We can enrage liars by telling them the truth or we can neutralize them by telling them to stop lying
The choice is ours. Time is running out.
I don’t know who needs to hear this, but kids can get the covid. Matter of fact, the new delta variant that’s going around is making more kids sick in more ways than previously thought. Louisiana is leading the country in new infections. A doctor there told MSNBC last night that kids are about a fifth of patients. That’s the reality, he said, for most hospitals around the country. Compare that with around 6 percent last year. Ages range from infants to teens. According to this doctor, the new variant, which itself now has a “variant plus,” is “a game changer.”
I said, “I don’t know who needs to hear this,” but I’m being coy. The people who need to hear this are the same people who don’t or won’t hear this. They don’t or won’t hear this, because the lies they tell themselves feel so much better than the truth. Instead of masking or vaccinating their kids, they say kids can’t get the covid.
These staggering, howling lies are killing us. Authorities know this. So do the sick and dying.
The cost of these staggering, howling lies is evident and growing more so by the minute. The start of the school year is fast approaching yet according to Bloomberg’s Riley Ray Griffin, only about 43 percent of the population between the ages of 12 and 17 has been inoculated. They, however, account for only about 7.5 percent of the total population. Kids under 17 are a quarter of the country. Yet lawmakers in states like Florida and Texas are outlawing local mask mandates by schools and businesses.
These staggering, howling lies are killing us. Authorities know this. So do the sick and dying. “People dying of Covid-19 or their survivors are publicly begging their friends and neighbors to get the vaccine,” wrote historian Heather Cox Richardson last night. “In addition to videos and Facebook posts, a six-minute television segment on ‘CBS This Morning’ featured Republican Representative Julia Letlow of Louisiana, who lost her husband to the disease in December. She is using her story to try to change people’s minds about refusing the vaccine.” Professor Richardson added:
Implied in these calls to ignore the disinformation out there about the vaccine is criticism of those Republican leaders who have pushed that disinformation.
This is what I want you to pay attention to. I want you to pay attention to the difference between facing the truth and facing the lies. It’s one thing to say, “The covid can kill you! Get vaccinated now! It’s safe! It works! Nearly everyone who’s gotten one isn’t getting sick or dying!” It’s quite another to say, “Knock off that bullshit and if you don’t, we’re going to do what’s good for you whether you like it or not.” Yes, “implied in these calls to ignore the disinformation” is a remonstrance of those who are spreading disinformation. But the time is coming when “implied” needs to move out of the shadows and be painfully direct.

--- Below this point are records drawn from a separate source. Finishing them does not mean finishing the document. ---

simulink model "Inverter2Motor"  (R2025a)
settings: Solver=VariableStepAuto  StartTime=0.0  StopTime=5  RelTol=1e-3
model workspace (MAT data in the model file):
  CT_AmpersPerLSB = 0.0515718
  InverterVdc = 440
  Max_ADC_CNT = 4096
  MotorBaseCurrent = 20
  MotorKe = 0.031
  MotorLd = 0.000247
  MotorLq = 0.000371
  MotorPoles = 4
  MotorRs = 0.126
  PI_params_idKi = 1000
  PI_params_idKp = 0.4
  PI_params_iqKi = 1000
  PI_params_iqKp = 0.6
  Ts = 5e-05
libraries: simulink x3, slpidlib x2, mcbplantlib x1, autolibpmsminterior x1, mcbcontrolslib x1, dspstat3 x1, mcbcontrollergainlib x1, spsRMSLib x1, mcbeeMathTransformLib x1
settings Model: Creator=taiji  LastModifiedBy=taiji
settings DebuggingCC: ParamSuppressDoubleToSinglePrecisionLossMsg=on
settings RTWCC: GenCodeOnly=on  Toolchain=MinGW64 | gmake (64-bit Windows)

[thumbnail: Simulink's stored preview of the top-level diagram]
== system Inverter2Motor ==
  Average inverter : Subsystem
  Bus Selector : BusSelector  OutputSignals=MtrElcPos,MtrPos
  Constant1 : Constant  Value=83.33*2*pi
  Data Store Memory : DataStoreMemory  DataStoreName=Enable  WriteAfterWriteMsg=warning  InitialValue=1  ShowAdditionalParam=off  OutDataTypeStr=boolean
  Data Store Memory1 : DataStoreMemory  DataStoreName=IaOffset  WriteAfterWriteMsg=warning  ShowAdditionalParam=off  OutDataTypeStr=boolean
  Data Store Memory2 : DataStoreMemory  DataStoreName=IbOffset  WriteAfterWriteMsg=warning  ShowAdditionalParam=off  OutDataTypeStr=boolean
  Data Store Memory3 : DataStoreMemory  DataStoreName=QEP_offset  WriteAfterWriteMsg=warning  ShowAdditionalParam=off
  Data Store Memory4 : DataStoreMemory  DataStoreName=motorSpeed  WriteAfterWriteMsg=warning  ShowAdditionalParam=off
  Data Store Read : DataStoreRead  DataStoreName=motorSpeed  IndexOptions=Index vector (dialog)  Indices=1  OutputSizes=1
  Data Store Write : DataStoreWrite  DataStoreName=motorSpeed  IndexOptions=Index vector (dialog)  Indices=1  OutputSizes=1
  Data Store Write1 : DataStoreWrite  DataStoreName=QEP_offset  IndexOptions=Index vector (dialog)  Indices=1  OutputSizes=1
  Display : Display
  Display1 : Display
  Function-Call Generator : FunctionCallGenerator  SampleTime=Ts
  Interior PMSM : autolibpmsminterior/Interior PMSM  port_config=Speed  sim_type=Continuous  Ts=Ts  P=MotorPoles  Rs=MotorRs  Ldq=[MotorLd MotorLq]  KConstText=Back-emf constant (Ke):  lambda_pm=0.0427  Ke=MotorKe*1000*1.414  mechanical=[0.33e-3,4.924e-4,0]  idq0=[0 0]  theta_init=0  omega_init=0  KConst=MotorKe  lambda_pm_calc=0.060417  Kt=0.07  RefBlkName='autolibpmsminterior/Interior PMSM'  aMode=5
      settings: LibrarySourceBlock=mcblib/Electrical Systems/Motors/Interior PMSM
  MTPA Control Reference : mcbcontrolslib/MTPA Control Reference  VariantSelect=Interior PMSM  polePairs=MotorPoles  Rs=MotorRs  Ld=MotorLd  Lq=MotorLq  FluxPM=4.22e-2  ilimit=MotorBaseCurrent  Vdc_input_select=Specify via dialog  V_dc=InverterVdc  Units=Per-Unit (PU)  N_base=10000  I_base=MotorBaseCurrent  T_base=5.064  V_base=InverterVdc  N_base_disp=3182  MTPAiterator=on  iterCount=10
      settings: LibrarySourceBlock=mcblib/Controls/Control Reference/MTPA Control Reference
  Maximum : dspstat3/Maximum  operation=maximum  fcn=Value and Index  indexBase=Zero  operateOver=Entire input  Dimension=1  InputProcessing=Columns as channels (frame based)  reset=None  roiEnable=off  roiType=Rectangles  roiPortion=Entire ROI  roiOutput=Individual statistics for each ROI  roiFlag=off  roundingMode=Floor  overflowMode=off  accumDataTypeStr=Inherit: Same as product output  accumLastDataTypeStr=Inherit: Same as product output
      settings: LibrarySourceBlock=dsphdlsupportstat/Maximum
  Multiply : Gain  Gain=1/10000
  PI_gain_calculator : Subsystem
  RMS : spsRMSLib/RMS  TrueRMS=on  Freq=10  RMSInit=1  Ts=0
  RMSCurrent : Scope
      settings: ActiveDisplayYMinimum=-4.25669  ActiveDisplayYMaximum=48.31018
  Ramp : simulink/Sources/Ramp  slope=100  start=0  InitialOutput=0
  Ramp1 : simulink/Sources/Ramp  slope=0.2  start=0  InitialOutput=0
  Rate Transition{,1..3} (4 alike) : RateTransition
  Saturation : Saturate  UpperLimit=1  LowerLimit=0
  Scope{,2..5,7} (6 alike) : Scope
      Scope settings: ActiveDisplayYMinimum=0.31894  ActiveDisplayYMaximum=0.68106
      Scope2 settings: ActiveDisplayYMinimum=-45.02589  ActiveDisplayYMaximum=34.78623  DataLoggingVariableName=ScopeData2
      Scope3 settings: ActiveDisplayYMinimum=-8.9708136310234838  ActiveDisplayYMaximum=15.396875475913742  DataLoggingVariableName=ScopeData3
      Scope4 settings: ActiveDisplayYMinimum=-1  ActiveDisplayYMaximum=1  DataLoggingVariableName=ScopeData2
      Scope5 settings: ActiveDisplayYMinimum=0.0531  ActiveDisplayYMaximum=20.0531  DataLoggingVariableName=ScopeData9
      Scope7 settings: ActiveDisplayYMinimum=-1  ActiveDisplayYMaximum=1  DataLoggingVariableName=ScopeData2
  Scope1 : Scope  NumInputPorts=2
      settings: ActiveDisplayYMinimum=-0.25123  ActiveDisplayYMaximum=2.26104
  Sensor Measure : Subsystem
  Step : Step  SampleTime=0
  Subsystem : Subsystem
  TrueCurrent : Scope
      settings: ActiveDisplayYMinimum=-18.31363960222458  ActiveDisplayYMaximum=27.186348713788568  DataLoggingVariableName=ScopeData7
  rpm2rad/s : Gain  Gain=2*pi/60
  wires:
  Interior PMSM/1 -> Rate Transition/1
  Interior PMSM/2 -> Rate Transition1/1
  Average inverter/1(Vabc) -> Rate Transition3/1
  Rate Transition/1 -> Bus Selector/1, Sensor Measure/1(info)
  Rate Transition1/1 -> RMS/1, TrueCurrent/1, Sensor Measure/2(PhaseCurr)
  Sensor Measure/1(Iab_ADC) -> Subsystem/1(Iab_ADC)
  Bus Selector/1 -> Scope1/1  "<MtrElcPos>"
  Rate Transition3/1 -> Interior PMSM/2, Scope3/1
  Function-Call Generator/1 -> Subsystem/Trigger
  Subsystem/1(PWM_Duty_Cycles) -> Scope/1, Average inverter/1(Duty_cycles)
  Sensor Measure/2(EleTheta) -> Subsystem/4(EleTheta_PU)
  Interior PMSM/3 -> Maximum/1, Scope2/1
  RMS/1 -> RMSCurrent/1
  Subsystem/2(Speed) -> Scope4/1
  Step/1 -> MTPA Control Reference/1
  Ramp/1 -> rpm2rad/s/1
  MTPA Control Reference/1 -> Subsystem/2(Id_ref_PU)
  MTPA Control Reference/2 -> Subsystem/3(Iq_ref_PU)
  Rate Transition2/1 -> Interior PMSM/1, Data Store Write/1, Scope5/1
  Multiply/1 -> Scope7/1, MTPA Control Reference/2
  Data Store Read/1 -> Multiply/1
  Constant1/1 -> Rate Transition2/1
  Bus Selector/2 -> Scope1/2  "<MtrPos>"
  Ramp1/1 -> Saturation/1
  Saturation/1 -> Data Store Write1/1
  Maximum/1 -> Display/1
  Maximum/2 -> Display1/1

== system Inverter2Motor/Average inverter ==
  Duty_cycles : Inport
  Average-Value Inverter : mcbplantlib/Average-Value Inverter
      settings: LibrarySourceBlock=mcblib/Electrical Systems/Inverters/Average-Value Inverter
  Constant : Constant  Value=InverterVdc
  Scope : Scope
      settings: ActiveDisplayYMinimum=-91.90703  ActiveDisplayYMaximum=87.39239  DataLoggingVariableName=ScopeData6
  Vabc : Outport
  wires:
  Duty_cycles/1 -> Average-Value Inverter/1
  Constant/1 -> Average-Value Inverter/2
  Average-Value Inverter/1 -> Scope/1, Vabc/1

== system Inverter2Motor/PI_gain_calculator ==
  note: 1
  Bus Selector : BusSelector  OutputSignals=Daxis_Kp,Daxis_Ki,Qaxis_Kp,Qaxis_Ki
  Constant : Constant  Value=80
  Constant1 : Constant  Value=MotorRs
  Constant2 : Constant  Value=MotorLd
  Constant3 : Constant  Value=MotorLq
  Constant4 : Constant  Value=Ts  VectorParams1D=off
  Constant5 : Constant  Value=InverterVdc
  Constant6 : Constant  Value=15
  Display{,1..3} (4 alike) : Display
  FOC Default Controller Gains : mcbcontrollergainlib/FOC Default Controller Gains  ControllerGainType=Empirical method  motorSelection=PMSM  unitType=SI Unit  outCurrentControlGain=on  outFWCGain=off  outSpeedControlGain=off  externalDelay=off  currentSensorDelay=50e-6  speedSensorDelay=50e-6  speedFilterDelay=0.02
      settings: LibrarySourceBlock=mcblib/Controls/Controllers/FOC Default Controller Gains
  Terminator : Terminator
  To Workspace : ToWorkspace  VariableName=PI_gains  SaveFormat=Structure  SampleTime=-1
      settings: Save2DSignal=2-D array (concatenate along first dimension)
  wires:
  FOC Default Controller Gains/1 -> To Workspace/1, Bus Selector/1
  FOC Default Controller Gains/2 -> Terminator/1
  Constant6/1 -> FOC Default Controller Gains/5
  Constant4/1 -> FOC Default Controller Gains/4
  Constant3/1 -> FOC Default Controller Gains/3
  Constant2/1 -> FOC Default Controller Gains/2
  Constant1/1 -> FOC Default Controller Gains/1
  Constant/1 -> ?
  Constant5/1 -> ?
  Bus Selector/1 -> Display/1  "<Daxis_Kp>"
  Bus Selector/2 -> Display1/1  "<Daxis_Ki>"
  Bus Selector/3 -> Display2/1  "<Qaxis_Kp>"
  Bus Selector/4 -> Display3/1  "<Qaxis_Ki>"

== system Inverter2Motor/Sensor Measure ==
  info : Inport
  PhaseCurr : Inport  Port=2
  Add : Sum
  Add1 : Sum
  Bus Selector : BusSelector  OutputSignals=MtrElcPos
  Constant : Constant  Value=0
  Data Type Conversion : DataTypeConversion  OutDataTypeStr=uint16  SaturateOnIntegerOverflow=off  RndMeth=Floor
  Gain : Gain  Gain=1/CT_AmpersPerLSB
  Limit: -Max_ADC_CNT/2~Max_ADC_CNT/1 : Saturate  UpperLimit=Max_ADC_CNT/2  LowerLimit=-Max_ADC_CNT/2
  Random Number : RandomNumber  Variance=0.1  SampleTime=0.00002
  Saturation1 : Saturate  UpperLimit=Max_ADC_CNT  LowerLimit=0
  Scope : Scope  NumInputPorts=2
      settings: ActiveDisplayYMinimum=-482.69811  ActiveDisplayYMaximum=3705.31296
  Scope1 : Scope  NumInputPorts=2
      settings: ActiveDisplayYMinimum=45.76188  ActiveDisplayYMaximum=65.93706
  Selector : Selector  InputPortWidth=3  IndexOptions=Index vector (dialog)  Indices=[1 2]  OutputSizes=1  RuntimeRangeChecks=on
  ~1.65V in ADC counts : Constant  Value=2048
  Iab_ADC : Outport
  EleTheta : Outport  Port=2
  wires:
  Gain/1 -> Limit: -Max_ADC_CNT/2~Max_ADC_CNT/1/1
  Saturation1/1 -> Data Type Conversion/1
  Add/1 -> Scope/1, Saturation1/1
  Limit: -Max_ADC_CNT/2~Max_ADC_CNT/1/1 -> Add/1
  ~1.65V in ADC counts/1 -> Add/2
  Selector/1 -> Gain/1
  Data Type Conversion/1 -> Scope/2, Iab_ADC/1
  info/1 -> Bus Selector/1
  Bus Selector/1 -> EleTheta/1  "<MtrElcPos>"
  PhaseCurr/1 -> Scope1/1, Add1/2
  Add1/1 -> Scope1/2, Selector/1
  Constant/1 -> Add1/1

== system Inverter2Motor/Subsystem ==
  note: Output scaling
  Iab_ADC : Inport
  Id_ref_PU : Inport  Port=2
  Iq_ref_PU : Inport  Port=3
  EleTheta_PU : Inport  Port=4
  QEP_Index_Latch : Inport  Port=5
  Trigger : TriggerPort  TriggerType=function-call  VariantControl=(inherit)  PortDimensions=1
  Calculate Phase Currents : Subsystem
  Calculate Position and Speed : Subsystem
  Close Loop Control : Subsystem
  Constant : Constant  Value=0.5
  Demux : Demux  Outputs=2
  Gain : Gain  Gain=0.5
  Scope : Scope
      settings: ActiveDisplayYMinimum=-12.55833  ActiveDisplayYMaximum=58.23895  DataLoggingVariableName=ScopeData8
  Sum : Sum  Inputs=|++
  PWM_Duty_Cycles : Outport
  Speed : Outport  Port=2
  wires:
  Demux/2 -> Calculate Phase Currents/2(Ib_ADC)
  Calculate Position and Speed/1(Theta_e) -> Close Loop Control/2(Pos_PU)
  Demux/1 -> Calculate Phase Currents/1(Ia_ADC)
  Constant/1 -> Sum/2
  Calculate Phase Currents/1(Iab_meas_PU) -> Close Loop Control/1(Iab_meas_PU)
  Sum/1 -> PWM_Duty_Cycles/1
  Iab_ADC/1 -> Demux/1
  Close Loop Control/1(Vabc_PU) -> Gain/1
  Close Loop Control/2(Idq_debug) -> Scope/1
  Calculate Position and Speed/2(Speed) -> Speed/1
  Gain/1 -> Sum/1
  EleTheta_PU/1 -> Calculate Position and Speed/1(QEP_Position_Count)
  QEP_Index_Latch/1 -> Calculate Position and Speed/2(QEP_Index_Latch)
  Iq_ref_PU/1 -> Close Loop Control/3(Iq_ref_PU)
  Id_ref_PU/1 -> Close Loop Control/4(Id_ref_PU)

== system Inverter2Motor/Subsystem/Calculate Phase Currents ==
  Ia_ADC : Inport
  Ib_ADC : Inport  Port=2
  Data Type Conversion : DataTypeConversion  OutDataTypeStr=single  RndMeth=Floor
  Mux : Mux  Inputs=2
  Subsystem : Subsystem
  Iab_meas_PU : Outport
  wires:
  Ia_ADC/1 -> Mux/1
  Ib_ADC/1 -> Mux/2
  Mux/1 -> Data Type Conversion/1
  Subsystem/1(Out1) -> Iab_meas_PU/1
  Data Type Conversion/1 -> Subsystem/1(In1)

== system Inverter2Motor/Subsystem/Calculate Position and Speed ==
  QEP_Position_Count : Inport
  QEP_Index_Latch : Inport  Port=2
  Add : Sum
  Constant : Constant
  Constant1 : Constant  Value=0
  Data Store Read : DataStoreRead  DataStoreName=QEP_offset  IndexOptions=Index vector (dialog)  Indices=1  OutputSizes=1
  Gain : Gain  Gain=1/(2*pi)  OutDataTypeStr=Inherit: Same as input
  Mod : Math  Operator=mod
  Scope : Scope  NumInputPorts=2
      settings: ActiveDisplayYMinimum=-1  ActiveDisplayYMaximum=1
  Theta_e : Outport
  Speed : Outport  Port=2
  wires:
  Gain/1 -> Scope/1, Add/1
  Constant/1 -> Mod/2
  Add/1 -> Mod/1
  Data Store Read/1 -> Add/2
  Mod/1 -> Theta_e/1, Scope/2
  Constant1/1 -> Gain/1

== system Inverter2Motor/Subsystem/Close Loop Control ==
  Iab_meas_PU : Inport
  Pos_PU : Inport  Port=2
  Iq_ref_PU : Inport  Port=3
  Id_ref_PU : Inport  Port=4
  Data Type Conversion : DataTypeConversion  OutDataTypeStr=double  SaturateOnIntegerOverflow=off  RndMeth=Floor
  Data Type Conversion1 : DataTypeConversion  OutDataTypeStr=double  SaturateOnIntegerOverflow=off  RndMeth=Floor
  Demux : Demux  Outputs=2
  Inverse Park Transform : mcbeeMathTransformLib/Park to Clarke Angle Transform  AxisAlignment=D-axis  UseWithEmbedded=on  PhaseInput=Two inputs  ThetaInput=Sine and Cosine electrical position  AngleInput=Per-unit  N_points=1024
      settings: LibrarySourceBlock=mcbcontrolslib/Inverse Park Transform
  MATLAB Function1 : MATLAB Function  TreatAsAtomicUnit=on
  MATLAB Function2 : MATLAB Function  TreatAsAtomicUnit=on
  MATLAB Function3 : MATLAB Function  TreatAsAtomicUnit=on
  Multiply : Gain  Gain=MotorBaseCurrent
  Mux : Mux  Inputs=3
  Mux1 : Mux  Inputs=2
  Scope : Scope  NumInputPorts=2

The ramifications that dwell in the difference between facing the truth and facing the lies go far behind public health, mass death and the need to end this goddamn pandemic. What I’m talking about is loosening the authoritarian grip on our politics and our democracy, perhaps even neutralizing it. While the rest of us focus on the truth—vaccines are safe! Vaccines work!—the authoritarians among us don’t care. They lie and lie and lie, because lying is easy and feels real good. We could spend our time speaking truthfully to people who, as a consequence, grow increasingly hostile toward our truth-telling. Or we could say, “Stop lying!”
Here’s the tip jar!
The lies authoritarians tell themselves are long-lasting in part because authoritarians believe they represent America’s “true majority.” Madison Cawthorn, who is an actual fascist, said as much on the House floor this week when referring to a new rule requiring face masks. “What makes this nation special is that here in this free land, the people are the royalty,” the North Carolina congressman said. “So arrest us if you will, but I will not cower and I will not bend. You have come to take away our liberties, but Madam Speaker, in this country you are outnumbered.”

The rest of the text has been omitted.